Using our intuition from lower dimensional vector spaces, we know that the
standard basis in $RR^2$ is the unit vectors $hat(i)$ and $hat(j)$. Because
linear transformations preserve linearity (i.e. all straight lines remain
straight and parallel lines remain parallel), we can encode any transformation
as simply changing $hat(i)$ and $hat(j)$. And indeed, if any vector $v in RR^2$
can be represented as the linear combination of $hat(i)$ and $hat(j)$ (this is
the definition of a basis), it makes sense both symbolically and geometrically
that we can represent all linear transformations as the transformations of the
basis vectors.
_Example_. To reflect all vectors $v in RR^2$ across the $y$-axis, we can simply change the standard basis to
$ vec(-1, 0) vec(0,1) $
Then, any vector in $RR^2$ using this new basis will be reflected across the
$y$-axis. Take a moment to justify this geometrically.

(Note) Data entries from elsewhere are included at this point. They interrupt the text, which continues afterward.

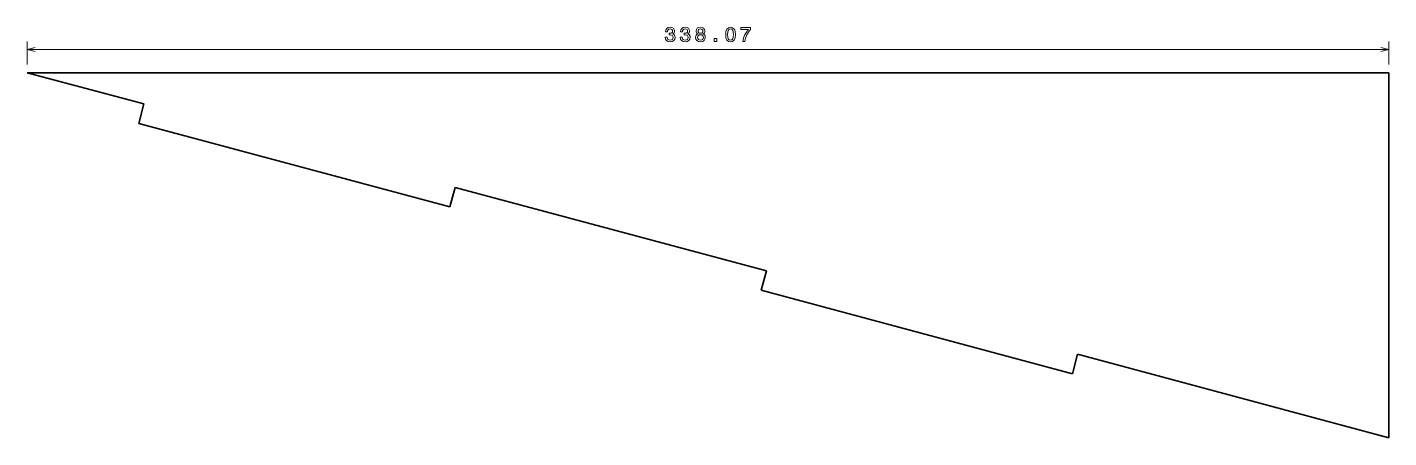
# Model space of a CAD drawing. Extents: x 74 to 412, y 189 to 291.
import ezdxf

# ---------------------------------------------------------------- set-up
doc = ezdxf.new("R2010")
doc.units = 0

msp = doc.modelspace()

# ---------------------------------------------------------------- linework, layer by layer
at = {"color": 7, "lineweight": 13, "ltscale": 0.143797}
for p, q in [((74.035431, 281.266418), (74.035431, 287.018311)), ((412.109467, 281.266418), (412.109467, 287.018311))]:
    msp.add_line(p, q, dxfattribs=at)
at = {"color": 7, "lineweight": 13}
msp.add_line((74.035431, 285.018311), (412.109467, 285.018311), dxfattribs=at)
at = {"color": 7, "lineweight": 35}
for p, q in [((412.109467, 279.266418), (74.035431, 279.266418)), ((74.035431, 279.266418), (103.013214, 271.501862)), ((412.109467, 188.679749), (412.109467, 279.266418)), ((178.993179, 245.96669), (101.719116, 266.672211)), ((180.287262, 250.796326), (257.56134, 230.090805)), ((333.541321, 204.555649), (256.267242, 225.261169)), ((334.835388, 209.385284), (412.109467, 188.679749))]:
    msp.add_line(p, q, dxfattribs=at)
at = {"color": 7, "lineweight": 35, "ltscale": 0.125001}
msp.add_line((103.013214, 271.501862), (101.719116, 266.672211), dxfattribs=at)
at = {"color": 7, "lineweight": 35, "ltscale": 0.125}
for p, q in [((180.287262, 250.796326), (178.993179, 245.96669)), ((257.56134, 230.090805), (256.267242, 225.261169)), ((334.835388, 209.385284), (333.541321, 204.555649))]:
    msp.add_line(p, q, dxfattribs=at)
at = {"color": 7, "lineweight": 13}
for points in [[(232.461502, 288.117737), (232.461502, 288.082428), (232.542191, 287.598297), (232.779221, 287.235168), (233.15242, 287.003174), (233.646667, 286.91745), (234.171158, 287.003174), (234.564529, 287.225098), (234.816696, 287.578125), (234.907471, 288.032013), (234.867126, 288.329559), (234.75618, 288.571625), (234.574615, 288.75824), (234.332535, 288.894379), (234.660355, 289.166718), (234.776352, 289.600433), (234.700699, 289.993805), (234.483841, 290.291382), (234.130814, 290.477966), (233.646667, 290.543518), (233.19278, 290.46283), (232.844788, 290.240936), (232.617844, 289.887909), (232.542191, 289.418884), (232.542191, 289.383575), (232.991043, 289.383575), (233.031387, 289.70636), (233.162506, 289.938354), (233.374329, 290.079559), (233.671875, 290.129974), (233.934128, 290.08963), (234.125763, 289.983734), (234.24176, 289.812256), (234.287155, 289.580261), (234.24176, 289.33316), (234.120728, 289.166718), (233.908905, 289.065857), (233.621445, 289.035614), (233.424759, 289.040649), (233.424759, 288.642242), (233.671875, 288.652313), (233.989609, 288.606934), (234.226639, 288.485901), (234.367844, 288.289215), (234.418274, 288.032013), (234.362808, 287.739502), (234.216553, 287.522644), (233.984558, 287.386475), (233.676926, 287.341064), (233.359192, 287.39151), (233.127213, 287.542816), (232.980957, 287.784882), (232.925476, 288.117737)], [(236.197525, 288.117737), (236.197525, 288.082428), (236.278214, 287.598297), (236.515244, 287.235168), (236.888443, 287.003174), (237.38269, 286.91745), (237.907181, 287.003174), (238.300552, 287.225098), (238.552719, 287.578125), (238.643494, 288.032013), (238.603149, 288.329559), (238.492203, 288.571625), (238.310638, 288.75824), (238.068558, 288.894379), (238.396378, 289.166718), (238.512375, 289.600433), (238.436722, 289.993805), (238.219864, 290.291382), (237.866837, 290.477966), (237.38269, 290.543518), (236.928802, 290.46283), (236.580811, 290.240936), (236.353867, 289.887909), (236.278214, 289.418884), (236.278214, 289.383575), (236.727066, 289.383575), (236.76741, 289.70636), (236.898529, 289.938354), (237.110352, 290.079559), (237.407898, 290.129974), (237.670151, 290.08963), (237.861786, 289.983734), (237.977783, 289.812256), (238.023178, 289.580261), (237.977783, 289.33316), (237.85675, 289.166718), (237.644928, 289.065857), (237.357468, 289.035614), (237.160782, 289.040649), (237.160782, 288.642242), (237.407898, 288.652313), (237.725632, 288.606934), (237.962662, 288.485901), (238.103867, 288.289215), (238.154297, 288.032013), (238.098831, 287.739502), (237.952576, 287.522644), (237.720581, 287.386475), (237.412949, 287.341064), (237.095215, 287.39151), (236.863235, 287.542816), (236.71698, 287.784882), (236.661499, 288.117737)], [(240.579086, 288.90448), (240.321884, 288.763275), (240.14537, 288.566589), (240.034409, 288.319458), (239.999115, 288.021912), (240.079803, 287.573059), (240.311798, 287.225098), (240.690033, 287.003174), (241.204437, 286.91745), (241.713806, 287.003174), (242.092056, 287.225098), (242.324036, 287.573059), (242.409775, 288.021912), (242.369431, 288.319458), (242.263519, 288.566589), (242.08197, 288.763275), (241.829803, 288.90448), (242.03154, 289.025513), (242.172745, 289.191956), (242.258484, 289.393677), (242.288742, 289.640778), (242.208038, 289.998871), (241.996231, 290.286316), (241.65329, 290.472931), (241.204437, 290.543518), (240.750549, 290.472931), (240.407608, 290.286316), (240.19075, 289.998871), (240.115112, 289.640778), (240.14032, 289.393677), (240.226059, 289.191956)], [(240.483261, 288.032013), (240.528656, 288.299286), (240.674911, 288.501007), (240.901855, 288.632141), (241.204437, 288.677521), (241.501999, 288.632141), (241.728943, 288.501007), (241.875198, 288.299286), (241.925629, 288.032013), (241.875198, 287.744537), (241.728943, 287.527679), (241.501999, 287.386475), (241.204437, 287.341064), (240.901855, 287.386475), (240.674911, 287.527679), (240.528656, 287.744537)], [(240.594208, 289.600433), (240.634552, 289.822357), (240.7556, 289.993805), (240.947235, 290.099731), (241.204437, 290.140076), (241.456604, 290.099731), (241.648254, 289.993805), (241.769287, 289.822357), (241.814667, 289.600433), (241.769287, 289.373505), (241.648254, 289.196991), (241.456604, 289.080994), (241.204437, 289.045685), (240.947235, 289.086029), (240.7556, 289.196991), (240.634552, 289.373505)], [(244.592484, 287.018311), (245.288452, 287.018311), (245.288452, 287.769745), (244.592484, 287.769745)], [(247.461075, 288.727966), (247.536713, 287.936188), (247.773758, 287.371338), (248.151993, 287.028412), (248.676483, 286.91745), (249.195938, 287.028412), (249.574188, 287.371338), (249.806168, 287.936188), (249.886871, 288.727966), (249.806168, 289.514709), (249.710358, 289.827393), (249.574188, 290.084595), (249.195938, 290.427521), (248.676483, 290.543518), (248.151993, 290.427521), (247.773758, 290.079559), (247.536713, 289.514709)], [(247.945221, 288.727966), (247.985565, 289.338196), (248.111649, 289.776947), (248.338593, 290.034149), (248.676483, 290.124939), (249.009338, 290.034149), (249.236282, 289.776947), (249.362366, 289.338196), (249.40271, 288.727966), (249.362366, 288.112701), (249.236282, 287.67392), (249.009338, 287.416718), (248.676483, 287.330994), (248.338593, 287.416718), (248.111649, 287.67392), (247.985565, 288.112701)], [(251.711502, 287.018311), (252.220871, 287.018311), (252.387299, 287.850433), (252.67981, 288.627106), (253.093353, 289.348297), (253.63298, 290.024078), (253.63298, 290.442657), (251.232391, 290.442657), (251.232391, 289.983734), (253.148819, 289.983734), (252.59407, 289.302887), (252.175476, 288.591797), (251.88298, 287.835327)]]:
    msp.add_lwpolyline(points, close=True, dxfattribs=at)
for points in [[(75.967285, 285.53595), (74.035431, 285.018311), (75.967285, 284.500671)], [(410.177612, 284.500671), (412.109467, 285.018311), (410.177612, 285.53595)]]:
    msp.add_lwpolyline(points, dxfattribs=at)

doc.saveas('drawing.dxf')

=== Writing a linear transformation as matrix
For any linear transformation $T: FF^m -> FF^n$, we can write it as an $n times
m$ matrix $A$. That is, there is a matrix $A$ with $n$ rows and $m$ columns
that can represent any linear transformation from $FF^m -> FF^n$.
How should we write this matrix? Naturally, from our previous discussion, we
should write a matrix with each _column_ being one of our new transformed
_basis_ vectors.
_Example_. Our $y$-axis reflection transformation from earlier. We write the bases in a matrix
$ mat(-1,0; 0,1) $
=== Matrix-vector multiplication
Perhaps you now see why the so-called matrix-vector multiplication is defined
the way it is. Recalling our definition of a basis, given a basis in $V$, any
vector $v in V$ can be written as the linear combination of the vectors in the
basis. Then, given a linear transformation represented by the matrix containing
the new basis, we simply write the linear combination with the new basis
instead.
_Example_. Let us first write a vector in the standard basis in $RR^2$ and then
show how our matrix-vector multiplication naturally corresponds to the
definition of the linear transformation.
$ vec(1, 2) in RR^2 $
is the same as
$ 1 dot vec(1, 0) + 2 dot vec(0, 1) $
Then, to perform our reflection, we need only replace the basis vector $vec(1,
0)$ with $vec(-1, 0)$.
Then, the reflected vector is given by
$ 1 dot vec(-1, 0) + 2 dot vec(0,1) = vec(-1, 2) $
We can clearly see that this is exactly how the matrix multiplication
$ mat(-1, 0; 0, 1) dot vec(1, 2) $ is defined! The _column-by-coordinate_ rule
for matrix-vector multiplication says that we multiply the $n^("th")$ entry of
the vector by the corresponding $n^("th")$ column of the matrix and sum them
all up (take their linear combination). This algorithm intuitively follows from
our definition of matrices.
=== Matrix-matrix multiplication
As you may have noticed, a very similar natural definition arises for the
_matrix-matrix_ multiplication. Multiplying two matrices $A dot B$ is
essentially just taking each column of $B$, and applying the linear
transformation defined by the matrix $A$!